Team internal critiques strengthened ideas.
Add interactions – The prototype screens and interactions were designed to support the user testing interview script.
User testing moments were storyboarded to unite both researchers and designers.
Interactions were strategized to provoke decisions and expose opinions, sentiment and issues.
Prototype interaction fidelity choices were made based on level of research questions being answered.
Test usability & sentiment – End users revealed sentiments and feature level strengths and weaknesses of the design ideas.
We recruited Gen Z, Millennial and older credit union members and non-members.
We facilitated remote 60-minute interviews and supplemented with unmoderated card sorting, IA tree testing, and surveys.
Insights & Vision
Each innovation loop concluded with strategic alignment around key insights from the explorations and user tests. Our team analyzed test results, surfaced and shared powerful insight reports, and worked with the technical and business teams to drive consensus and action.
Sense making activities – We developed a visual note taking method that easily exposes trends, ideas, and recommendations.
A note taking board was created to script and visualize each step in the interview.
For each feature, note takers recorded and categorized observations.
In a recap after each session, trends were diagrammed, and recommendations surfaced.
Additional sense making activities were performed around card sorting, surveys, and other methods.
Share key insights – A report of insights was created and shared with the client team after each innovation sprint.
The identified insights were compiled into a report where each feature’s key decisions were explored.
Pros, cons, and supporting quotes were identified for each option, and final recommendations were surfaced.
Prioritize & take action – The client teams aligned on a common vision with inputs from the innovation sprints.

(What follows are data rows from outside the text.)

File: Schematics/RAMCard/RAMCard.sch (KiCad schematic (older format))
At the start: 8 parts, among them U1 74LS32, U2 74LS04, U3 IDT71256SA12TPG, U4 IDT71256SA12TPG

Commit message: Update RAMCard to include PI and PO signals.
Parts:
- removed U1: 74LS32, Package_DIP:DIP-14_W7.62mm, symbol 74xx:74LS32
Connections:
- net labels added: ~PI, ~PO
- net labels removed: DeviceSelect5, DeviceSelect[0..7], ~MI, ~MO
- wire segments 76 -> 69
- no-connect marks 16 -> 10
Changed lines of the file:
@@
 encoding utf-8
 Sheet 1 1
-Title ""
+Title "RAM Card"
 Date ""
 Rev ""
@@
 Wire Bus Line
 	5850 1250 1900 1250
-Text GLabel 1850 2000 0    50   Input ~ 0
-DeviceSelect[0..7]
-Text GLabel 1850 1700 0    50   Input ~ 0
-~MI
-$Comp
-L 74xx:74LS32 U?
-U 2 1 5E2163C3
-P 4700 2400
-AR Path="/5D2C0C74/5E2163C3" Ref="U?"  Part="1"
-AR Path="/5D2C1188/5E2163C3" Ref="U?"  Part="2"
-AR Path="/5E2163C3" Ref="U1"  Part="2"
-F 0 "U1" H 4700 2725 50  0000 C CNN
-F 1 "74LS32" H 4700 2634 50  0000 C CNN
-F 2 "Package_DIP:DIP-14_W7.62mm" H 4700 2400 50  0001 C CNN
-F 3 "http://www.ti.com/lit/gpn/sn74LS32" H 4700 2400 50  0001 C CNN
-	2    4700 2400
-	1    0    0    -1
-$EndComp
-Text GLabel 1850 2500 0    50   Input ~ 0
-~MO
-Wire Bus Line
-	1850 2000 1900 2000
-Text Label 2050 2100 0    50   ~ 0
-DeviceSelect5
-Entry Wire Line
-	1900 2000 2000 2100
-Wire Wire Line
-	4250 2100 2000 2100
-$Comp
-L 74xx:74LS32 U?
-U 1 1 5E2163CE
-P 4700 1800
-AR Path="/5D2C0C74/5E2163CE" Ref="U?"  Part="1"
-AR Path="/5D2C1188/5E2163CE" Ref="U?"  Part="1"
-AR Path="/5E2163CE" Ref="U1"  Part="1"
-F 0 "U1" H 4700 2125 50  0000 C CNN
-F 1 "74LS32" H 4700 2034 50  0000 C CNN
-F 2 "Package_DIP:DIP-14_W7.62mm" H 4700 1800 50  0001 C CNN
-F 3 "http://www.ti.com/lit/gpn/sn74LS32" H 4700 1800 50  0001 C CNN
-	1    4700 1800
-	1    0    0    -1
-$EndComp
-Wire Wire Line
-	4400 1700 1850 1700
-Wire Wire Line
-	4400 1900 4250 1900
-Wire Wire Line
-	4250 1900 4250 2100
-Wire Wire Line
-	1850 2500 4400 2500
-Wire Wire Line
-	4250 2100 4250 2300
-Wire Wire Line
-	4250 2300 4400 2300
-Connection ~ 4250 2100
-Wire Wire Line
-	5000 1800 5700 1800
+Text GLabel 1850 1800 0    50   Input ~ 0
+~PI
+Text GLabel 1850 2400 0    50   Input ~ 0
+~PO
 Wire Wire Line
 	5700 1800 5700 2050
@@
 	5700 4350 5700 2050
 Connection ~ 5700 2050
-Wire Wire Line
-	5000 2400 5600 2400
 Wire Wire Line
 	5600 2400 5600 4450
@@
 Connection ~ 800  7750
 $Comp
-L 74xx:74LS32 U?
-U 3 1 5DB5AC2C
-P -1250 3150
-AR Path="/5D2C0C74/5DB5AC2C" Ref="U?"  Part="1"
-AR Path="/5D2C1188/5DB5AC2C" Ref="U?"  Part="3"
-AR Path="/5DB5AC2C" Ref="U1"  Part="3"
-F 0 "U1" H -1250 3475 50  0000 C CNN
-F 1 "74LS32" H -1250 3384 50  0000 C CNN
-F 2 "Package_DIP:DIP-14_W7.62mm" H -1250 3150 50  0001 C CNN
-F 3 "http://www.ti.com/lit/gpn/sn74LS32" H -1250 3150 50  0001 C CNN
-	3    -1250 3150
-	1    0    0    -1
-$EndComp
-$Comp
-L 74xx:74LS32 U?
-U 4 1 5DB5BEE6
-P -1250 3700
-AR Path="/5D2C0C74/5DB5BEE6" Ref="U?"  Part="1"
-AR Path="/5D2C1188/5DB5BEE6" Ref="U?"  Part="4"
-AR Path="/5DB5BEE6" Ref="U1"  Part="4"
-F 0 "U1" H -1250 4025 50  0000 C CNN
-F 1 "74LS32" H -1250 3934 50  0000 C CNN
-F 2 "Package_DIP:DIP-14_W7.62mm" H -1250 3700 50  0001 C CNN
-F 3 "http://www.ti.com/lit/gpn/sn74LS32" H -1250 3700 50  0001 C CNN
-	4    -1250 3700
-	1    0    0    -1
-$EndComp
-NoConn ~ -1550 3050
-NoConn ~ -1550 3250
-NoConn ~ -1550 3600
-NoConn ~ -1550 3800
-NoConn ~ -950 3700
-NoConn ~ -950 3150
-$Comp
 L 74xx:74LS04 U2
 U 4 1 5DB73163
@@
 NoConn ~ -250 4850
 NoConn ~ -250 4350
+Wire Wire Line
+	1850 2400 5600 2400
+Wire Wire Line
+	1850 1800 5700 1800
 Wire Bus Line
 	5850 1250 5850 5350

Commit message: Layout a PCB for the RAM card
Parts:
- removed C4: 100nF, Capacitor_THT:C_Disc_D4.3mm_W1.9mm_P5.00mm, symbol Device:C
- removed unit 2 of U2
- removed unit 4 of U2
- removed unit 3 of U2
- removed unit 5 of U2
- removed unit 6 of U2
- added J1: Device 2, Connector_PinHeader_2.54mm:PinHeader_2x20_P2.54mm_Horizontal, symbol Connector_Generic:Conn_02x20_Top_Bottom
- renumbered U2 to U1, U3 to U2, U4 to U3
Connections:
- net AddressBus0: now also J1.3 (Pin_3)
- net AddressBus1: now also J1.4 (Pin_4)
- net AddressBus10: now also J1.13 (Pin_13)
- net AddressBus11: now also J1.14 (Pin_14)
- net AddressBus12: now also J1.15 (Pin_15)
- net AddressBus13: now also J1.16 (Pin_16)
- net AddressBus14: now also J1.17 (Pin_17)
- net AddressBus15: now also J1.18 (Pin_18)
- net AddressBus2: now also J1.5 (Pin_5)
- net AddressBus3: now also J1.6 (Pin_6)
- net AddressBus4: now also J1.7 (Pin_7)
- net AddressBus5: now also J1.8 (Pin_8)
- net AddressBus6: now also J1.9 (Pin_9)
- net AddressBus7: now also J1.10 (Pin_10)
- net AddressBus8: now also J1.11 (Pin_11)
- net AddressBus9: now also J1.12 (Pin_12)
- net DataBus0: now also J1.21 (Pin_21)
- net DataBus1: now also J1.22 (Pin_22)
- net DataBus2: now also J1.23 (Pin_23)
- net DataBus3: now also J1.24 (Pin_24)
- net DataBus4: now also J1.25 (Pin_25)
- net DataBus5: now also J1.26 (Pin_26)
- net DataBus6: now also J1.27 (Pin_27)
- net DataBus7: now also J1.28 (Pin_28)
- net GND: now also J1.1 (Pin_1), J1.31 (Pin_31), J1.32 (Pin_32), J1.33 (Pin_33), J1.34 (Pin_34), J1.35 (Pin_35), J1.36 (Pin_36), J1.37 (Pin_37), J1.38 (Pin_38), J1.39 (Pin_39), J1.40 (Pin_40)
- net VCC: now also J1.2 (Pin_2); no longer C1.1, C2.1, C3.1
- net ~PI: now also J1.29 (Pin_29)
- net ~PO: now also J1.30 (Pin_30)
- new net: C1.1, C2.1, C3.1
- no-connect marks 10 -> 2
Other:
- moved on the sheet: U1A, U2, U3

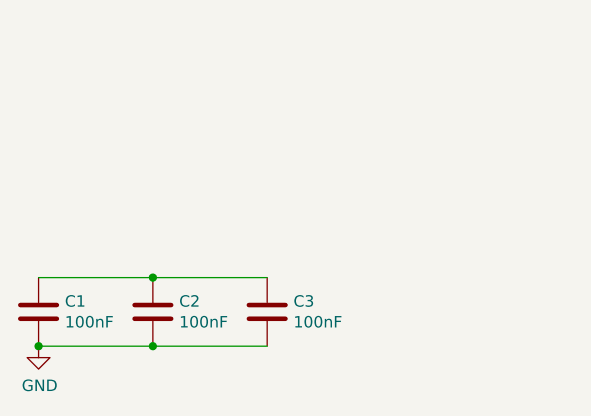
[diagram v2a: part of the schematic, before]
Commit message: Fix RAM card DRC errors
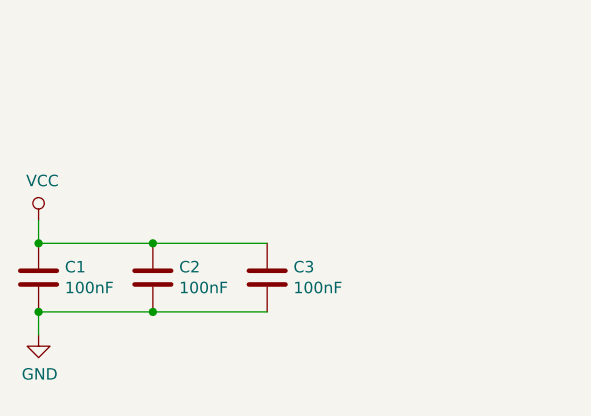
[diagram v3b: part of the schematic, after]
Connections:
- net VCC: now also C1.1, C2.1, C3.1
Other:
- moved on the sheet: C1, C2, C3
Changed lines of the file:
@@
 L Device:C C?
 U 1 1 5E262247
-P 800 7600
+P 800 7450
 AR Path="/5D2C07CD/5E262247" Ref="C?"  Part="1"
 AR Path="/5D2C1188/5E262247" Ref="C?"  Part="1"
 AR Path="/5E262247" Ref="C1"  Part="1"
-F 0 "C1" H 915 7646 50  0000 L CNN
-F 1 "100nF" H 915 7555 50  0000 L CNN
-F 2 "Capacitor_THT:C_Disc_D4.3mm_W1.9mm_P5.00mm" H 838 7450 50  0001 C CNN
-F 3 "~" H 800 7600 50  0001 C CNN
-	1    800  7600
+F 0 "C1" H 915 7496 50  0000 L CNN
+F 1 "100nF" H 915 7405 50  0000 L CNN
+F 2 "Capacitor_THT:C_Disc_D4.3mm_W1.9mm_P5.00mm" H 838 7300 50  0001 C CNN
+F 3 "~" H 800 7450 50  0001 C CNN
+	1    800  7450
 	1    0    0    -1
 $EndComp
@@
 L Device:C C?
 U 1 1 5E26224D
-P 1300 7600
+P 1300 7450
 AR Path="/5D2C07CD/5E26224D" Ref="C?"  Part="1"
 AR Path="/5D2C1188/5E26224D" Ref="C?"  Part="1"
 AR Path="/5E26224D" Ref="C2"  Part="1"
-F 0 "C2" H 1415 7646 50  0000 L CNN
-F 1 "100nF" H 1415 7555 50  0000 L CNN
-F 2 "Capacitor_THT:C_Disc_D4.3mm_W1.9mm_P5.00mm" H 1338 7450 50  0001 C CNN
-F 3 "~" H 1300 7600 50  0001 C CNN
-	1    1300 7600
+F 0 "C2" H 1415 7496 50  0000 L CNN
+F 1 "100nF" H 1415 7405 50  0000 L CNN
+F 2 "Capacitor_THT:C_Disc_D4.3mm_W1.9mm_P5.00mm" H 1338 7300 50  0001 C CNN
+F 3 "~" H 1300 7450 50  0001 C CNN
+	1    1300 7450
 	1    0    0    -1
 $EndComp
@@
 L Device:C C?
 U 1 1 5E262253
-P 1800 7600
+P 1800 7450
 AR Path="/5D2C07CD/5E262253" Ref="C?"  Part="1"
 AR Path="/5D2C1188/5E262253" Ref="C?"  Part="1"
 AR Path="/5E262253" Ref="C3"  Part="1"
-F 0 "C3" H 1915 7646 50  0000 L CNN
-F 1 "100nF" H 1915 7555 50  0000 L CNN
-F 2 "Capacitor_THT:C_Disc_D4.3mm_W1.9mm_P5.00mm" H 1838 7450 50  0001 C CNN
-F 3 "~" H 1800 7600 50  0001 C CNN
-	1    1800 7600
+F 0 "C3" H 1915 7496 50  0000 L CNN
+F 1 "100nF" H 1915 7405 50  0000 L CNN
+F 2 "Capacitor_THT:C_Disc_D4.3mm_W1.9mm_P5.00mm" H 1838 7300 50  0001 C CNN
+F 3 "~" H 1800 7450 50  0001 C CNN
+	1    1800 7450
 	1    0    0    -1
 $EndComp
@@
 L power:GND #PWR?
 U 1 1 5E26225F
-P 800 7750
+P 800 7700
 AR Path="/5D2C07CD/5E26225F" Ref="#PWR?"  Part="1"
 AR Path="/5D2C1188/5E26225F" Ref="#PWR?"  Part="1"
 AR Path="/5E26225F" Ref="#PWR01"  Part="1"
-F 0 "#PWR01" H 800 7500 50  0001 C CNN
-F 1 "GND" H 805 7577 50  0000 C CNN
-F 2 "" H 800 7750 50  0001 C CNN
-F 3 "" H 800 7750 50  0001 C CNN
-	1    800  7750
-	1    0    0    -1
-$EndComp
-Wire Wire Line
-	800  7450 1300 7450
-Wire Wire Line
-	1300 7450 1800 7450
-Connection ~ 1300 7450
-Wire Wire Line
-	1800 7750 1300 7750
-Wire Wire Line
-	1300 7750 800  7750
-Connection ~ 1300 7750
-Connection ~ 800  7750
+F 0 "#PWR01" H 800 7450 50  0001 C CNN
+F 1 "GND" H 805 7527 50  0000 C CNN
+F 2 "" H 800 7700 50  0001 C CNN
+F 3 "" H 800 7700 50  0001 C CNN
+	1    800  7700
+	1    0    0    -1
+$EndComp
+Wire Wire Line
+	800  7300 1300 7300
+Wire Wire Line
+	1300 7300 1800 7300
+Connection ~ 1300 7300
+Wire Wire Line
+	1800 7600 1300 7600
+Wire Wire Line
+	1300 7600 800  7600
+Connection ~ 1300 7600
 Entry Wire Line
 	2250 4250 2350 4150
@@
 Wire Bus Line
 	6700 1200 4050 1200
+$Comp
+L power:VCC #PWR?
+U 1 1 5D9DE32A
+P 800 7200
+F 0 "#PWR?" H 800 7050 50  0001 C CNN
+F 1 "VCC" H 817 7373 50  0000 C CNN
+F 2 "" H 800 7200 50  0001 C CNN
+F 3 "" H 800 7200 50  0001 C CNN
+	1    800  7200
+	1    0    0    -1
+$EndComp
+Wire Wire Line
+	800  7200 800  7300
+Connection ~ 800  7300
+Wire Wire Line
+	800  7600 800  7700
+Connection ~ 800  7600
 Wire Bus Line
 	4050 1200 4050 3050

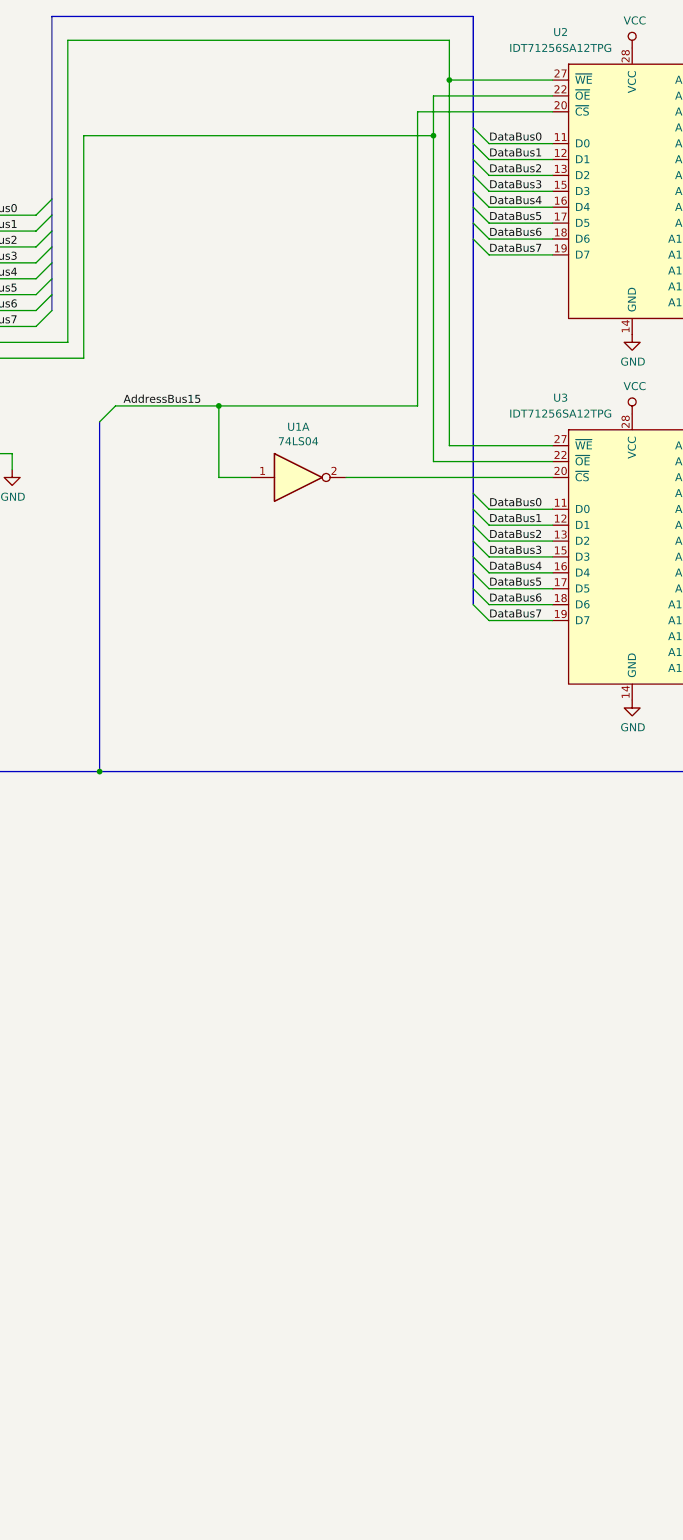
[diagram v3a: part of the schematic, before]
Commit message: RAMCard: unused inputs are tied to VCC, unused outputs are left disconnected.
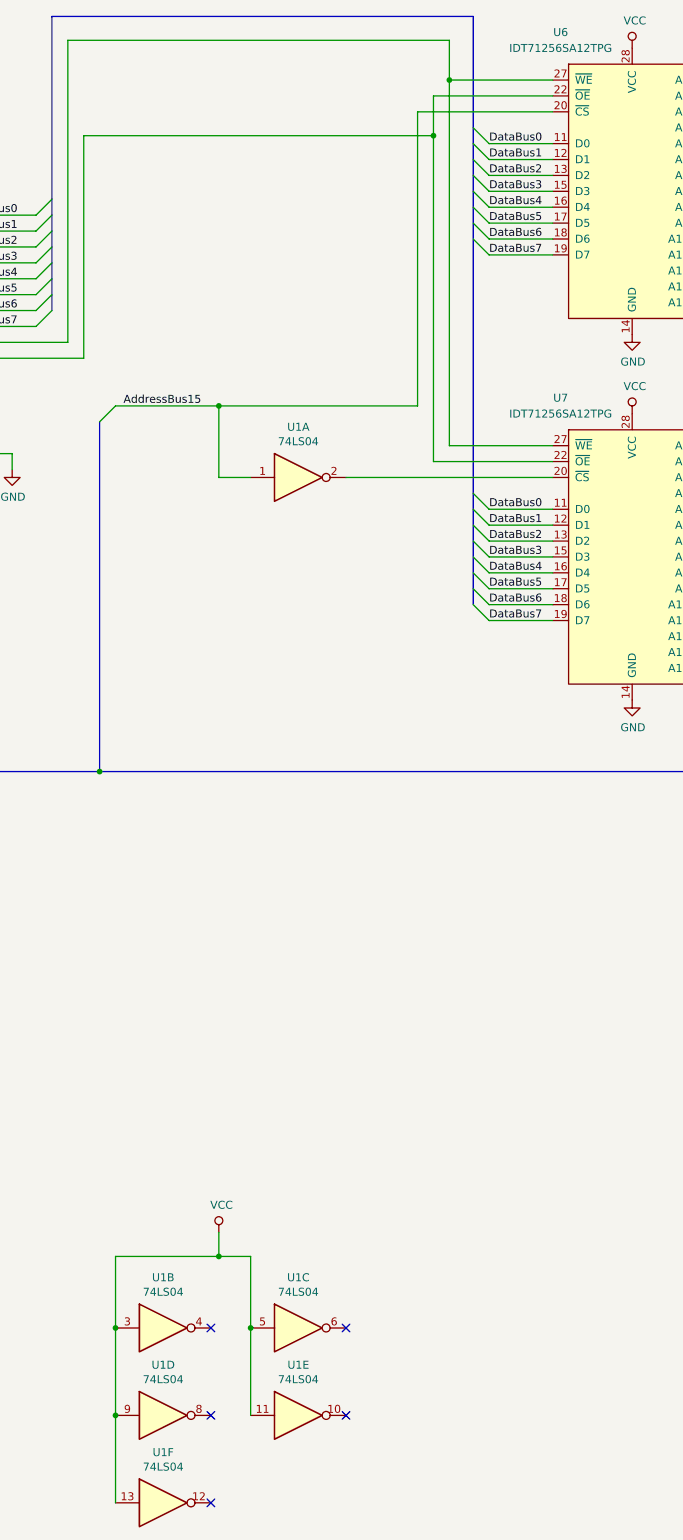
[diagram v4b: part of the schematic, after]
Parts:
- added unit 2 of U1
- added unit 3 of U1
- added unit 4 of U1
- added unit 5 of U1
- added unit 6 of U1
- renumbered U2 to U6, U3 to U7
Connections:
- net VCC: now also U1.11, U1.13, U1.3, U1.5, U1.9
- no-connect marks 2 -> 7
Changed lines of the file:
@@
 $EndDescr
 $Comp
-L Memory_RAM:IDT71256SA12TPG U2
+L Memory_RAM:IDT71256SA12TPG U6
 U 1 1 5E1E9FA0
 P 7700 2250
-F 0 "U2" H 7250 3200 50  0000 C CNN
+F 0 "U6" H 7250 3200 50  0000 C CNN
 F 1 "IDT71256SA12TPG" H 7250 3100 50  0000 C CNN
 F 2 "Package_DIP:DIP-28_W7.62mm_Socket" H 7700 4250 50  0001 C CNN
@@
 $EndComp
 $Comp
-L Memory_RAM:IDT71256SA12TPG U3
+L Memory_RAM:IDT71256SA12TPG U7
 U 1 1 5E1EC273
 P 7700 4550
-F 0 "U3" H 7250 5500 50  0000 C CNN
+F 0 "U7" H 7250 5500 50  0000 C CNN
 F 1 "IDT71256SA12TPG" H 7250 5400 50  0000 C CNN
 F 2 "Package_DIP:DIP-28_W7.62mm_Socket" H 7700 6550 50  0001 C CNN
@@
 $EndComp
 $Comp
-L power:GND #PWR06
+L power:GND #PWR08
 U 1 1 5E1EE0BF
 P 7700 3200
-F 0 "#PWR06" H 7700 2950 50  0001 C CNN
+F 0 "#PWR08" H 7700 2950 50  0001 C CNN
 F 1 "GND" H 7705 3027 50  0000 C CNN
 F 2 "" H 7700 3200 50  0001 C CNN
@@
 $EndComp
 $Comp
-L power:GND #PWR08
+L power:GND #PWR010
 U 1 1 5E1EE650
 P 7700 5500
-F 0 "#PWR08" H 7700 5250 50  0001 C CNN
+F 0 "#PWR010" H 7700 5250 50  0001 C CNN
 F 1 "GND" H 7705 5327 50  0000 C CNN
 F 2 "" H 7700 5500 50  0001 C CNN
@@
 $EndComp
 $Comp
-L power:VCC #PWR07
+L power:VCC #PWR09
 U 1 1 5E1EEC64
 P 7700 3700
-F 0 "#PWR07" H 7700 3550 50  0001 C CNN
+F 0 "#PWR09" H 7700 3550 50  0001 C CNN
 F 1 "VCC" H 7717 3873 50  0000 C CNN
 F 2 "" H 7700 3700 50  0001 C CNN
@@
 $EndComp
 $Comp
-L power:VCC #PWR05
+L power:VCC #PWR07
 U 1 1 5E1EF332
 P 7700 1400
-F 0 "#PWR05" H 7700 1250 50  0001 C CNN
+F 0 "#PWR07" H 7700 1250 50  0001 C CNN
 F 1 "VCC" H 7717 1573 50  0000 C CNN
 F 2 "" H 7700 1400 50  0001 C CNN
@@
 AR Path="/5D2C07CD/5E26225F" Ref="#PWR?"  Part="1"
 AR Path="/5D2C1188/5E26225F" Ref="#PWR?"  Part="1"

Product owners, designers and development met to strategize each decision point.
This drove consensus building and forged a single vision forward.
Outcome & Impact
After 10 weeks of rapid innovation with my team, our clients could take confident action on dozens of key insights across 5 high impact areas of the product experience.
Key Insights
Gen Z and Millennials trust and value online payments at credit unions.
Their idea of payments extends beyond “bills” to friends, charities, loans and more.
They will use their credit union in partnership with multiple modern payment methods.
Innovation
Modern, simple, mobile UX attracted Gen Z without alienating existing older members.
New visualizations of financial trends and "moving money" dates were key to adoption.
Acceleration
Clear product vision led to confident final project funding and implementation.
Our prototypes and insights accelerated the final design, development, and launch.
From Innovation to Deployment
Design Innovation – Design innovation is a powerful strategic investment when seeking to rethink an existing product or create a new product. Four to five key areas of opportunity may be visualized, prototyped, and user tested in about 10 to 12 weeks. This provides final product insights at a proof concept level which provide direction throughout the rest of the launch process.
Plan & Prioritize – Story mapping and sprint planning are led at the beginning of the design / build process and updated after each design innovation sprint. Some light story mapping is advantageous even before innovation sprints begin, although final planning is more powerful and targeted after the innovation explorations are complete.
Design for Production – High-fidelity final designs are accelerated by innovation prototype insights. This track may begin execution even before the first innovation sprint concludes if there are low-risk experiences outside of the innovation explorations to begin with. Then, as each cycle of innovation recommendations concludes, additional design for production work can be added to the backlog.
Build & Deploy – Agile development teams will leverage the high-fidelity final designs for production and code, test, and deploy the improved experiences. We have found that these development and deployment exercises are more successful after the investment in up-front innovation, especially when cross functional teams are included in the innovation sprint evaluation and prioritization.